Inhibition of calcium hydroxyapatite formation by polyamines

• Published in: Liver (Copenhagen) Vol. 13; no. 3; p. 141
• Main Authors: Crowther, R C, Pritchard, C M, Qiu, S M, Soloway, R D
• Format: Journal Article
• Language: English
• Published: Denmark 01.06.1993
• Subjects: Bile - chemistry; Biogenic Polyamines - pharmacology; Calcium Phosphates; Cholelithiasis - chemistry; Durapatite; Humans; Hydroxyapatites - antagonists & inhibitors; In Vitro Techniques; Spectrophotometry, Infrared; Time Factors
• ISSN: 0106-9543; 1600-0676
• DOI: 10.1111/j.1600-0676.1993.tb00621.x

The lithogenic potential of bile depends not only on supersaturation of solutes but also on the presence of pro- and anti-nucleating factors.

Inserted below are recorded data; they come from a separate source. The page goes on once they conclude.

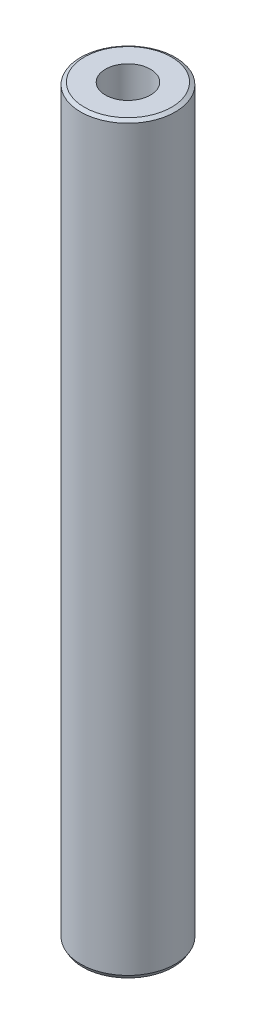
from build123d import *
from OCP.BRepFilletAPI import BRepFilletAPI_MakeChamfer

# Parameters (mm, degrees)
SKETCH1_R           = 7.5
BOSS_EXTRUDE1_DEPTH = 117.883172153
SKETCH2_R           = 3.562593558
CUT_EXTRUDE1_DEPTH  = 119.359377646
CHAMFER1_SIZE       = 0.344213401
CHAMFER1_SIZE2      = 0.5961951


with BuildPart() as part:
    # Sketch1 → Boss-Extrude1 (new body)
    with BuildSketch(Plane(origin=(0, 0, 0), x_dir=(1, 0, 0), z_dir=(0, 1, 0))):
        Circle(SKETCH1_R)
    extrude(amount=BOSS_EXTRUDE1_DEPTH)

    # Sketch2 → Cut-Extrude1 (cut, through all)
    with BuildSketch(Plane(origin=(0, 0, 0), x_dir=(1, 0, 0), z_dir=(0, 1, 0))):
        Circle(SKETCH2_R)
    extrude(amount=CUT_EXTRUDE1_DEPTH, mode=Mode.SUBTRACT)

    # Chamfer1: one chamfer whose edges measure the first distance from different faces: ONE call of the kernel's chamfer builder (chamfer() names one face for all edges)
    chamfer1_edges_1 = [part.edges().sort_by_distance(p)[0] for p in [
        (-7.5, 117.883172153, 0),
    ]]
    chamfer1_side_1 = [part.faces().sort_by_distance(p)[0] for p in [
        (-7.5, 58.941586076, 0),
    ]]
    chamfer1_edges_2 = [part.edges().sort_by_distance(p)[0] for p in [
        (-7.5, 0, 0),
    ]]
    chamfer1_side_2 = [part.faces().sort_by_distance(p)[0] for p in [
        (-7.287867966, 0, 0),
    ]]
    chamfer1 = BRepFilletAPI_MakeChamfer(part.part.solid().wrapped)
    for e in chamfer1_edges_1:
        chamfer1.Add(CHAMFER1_SIZE, CHAMFER1_SIZE2, e.wrapped, chamfer1_side_1[0].wrapped)  # the first distance lies on this face
    for e in chamfer1_edges_2:
        chamfer1.Add(CHAMFER1_SIZE, CHAMFER1_SIZE2, e.wrapped, chamfer1_side_2[0].wrapped)  # the first distance lies on this face
    add(Compound.cast(chamfer1.Shape()), mode=Mode.REPLACE)


solid = part.part
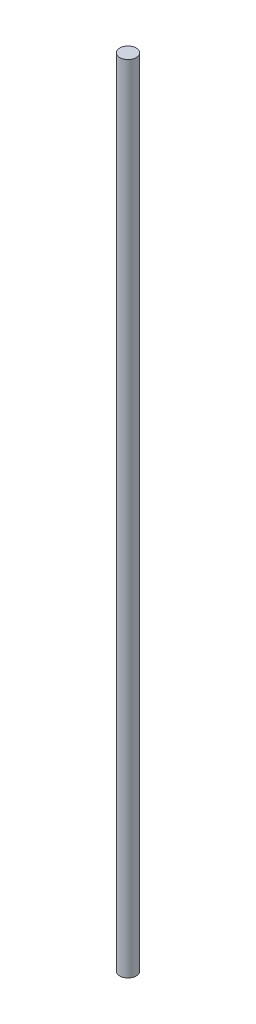
from build123d import *

# Parameters (mm, degrees)
SKETCH1_R           = 1.5875
BOSS_EXTRUDE1_DEPTH = 152.4


with BuildPart() as part:
    # Sketch1 → Boss-Extrude1 (new body)
    with BuildSketch(Plane(origin=(0, 0, 0), x_dir=(1, 0, 0), z_dir=(0, 1, 0))):
        Circle(SKETCH1_R)
    extrude(amount=BOSS_EXTRUDE1_DEPTH)


solid = part.part

For example, glycine-conjugated dihydroxy bile salt dimers are potent inhibitors of calcium hydroxyapatite precipitation that function by "poisoning" the nascent crystal. Although most inhibitors of apatite formation are anions, theoretically polycations should also be effective, and because significant concentrations of polyamines are present in bile, we have investigated the ability of these molecules to inhibit apatite formation. In vitro, each polyamine (2-10 mmol/l) was able to inhibit apatite formation, and the inhibiting power was correlated with ionic charge. Thus putrescine (2+) was the weakest inhibitor and spermine (4+) was the strongest. Mixtures of polyamines were less effective than were the individual polyamines, except at higher concentrations. Although polyamines were effective over short periods of time (270 min), over longer times (3 days) spermine was unable to prevent apatite formation. Using infrared spectroscopy, we found no evidence for interaction between phosphate ions and spermine in solution. Taken together, these results suggest that polyamines are modest inhibitors of apatite formation that likely function by retarding the dissolution of the intermediate amorphous calcium phosphate phase.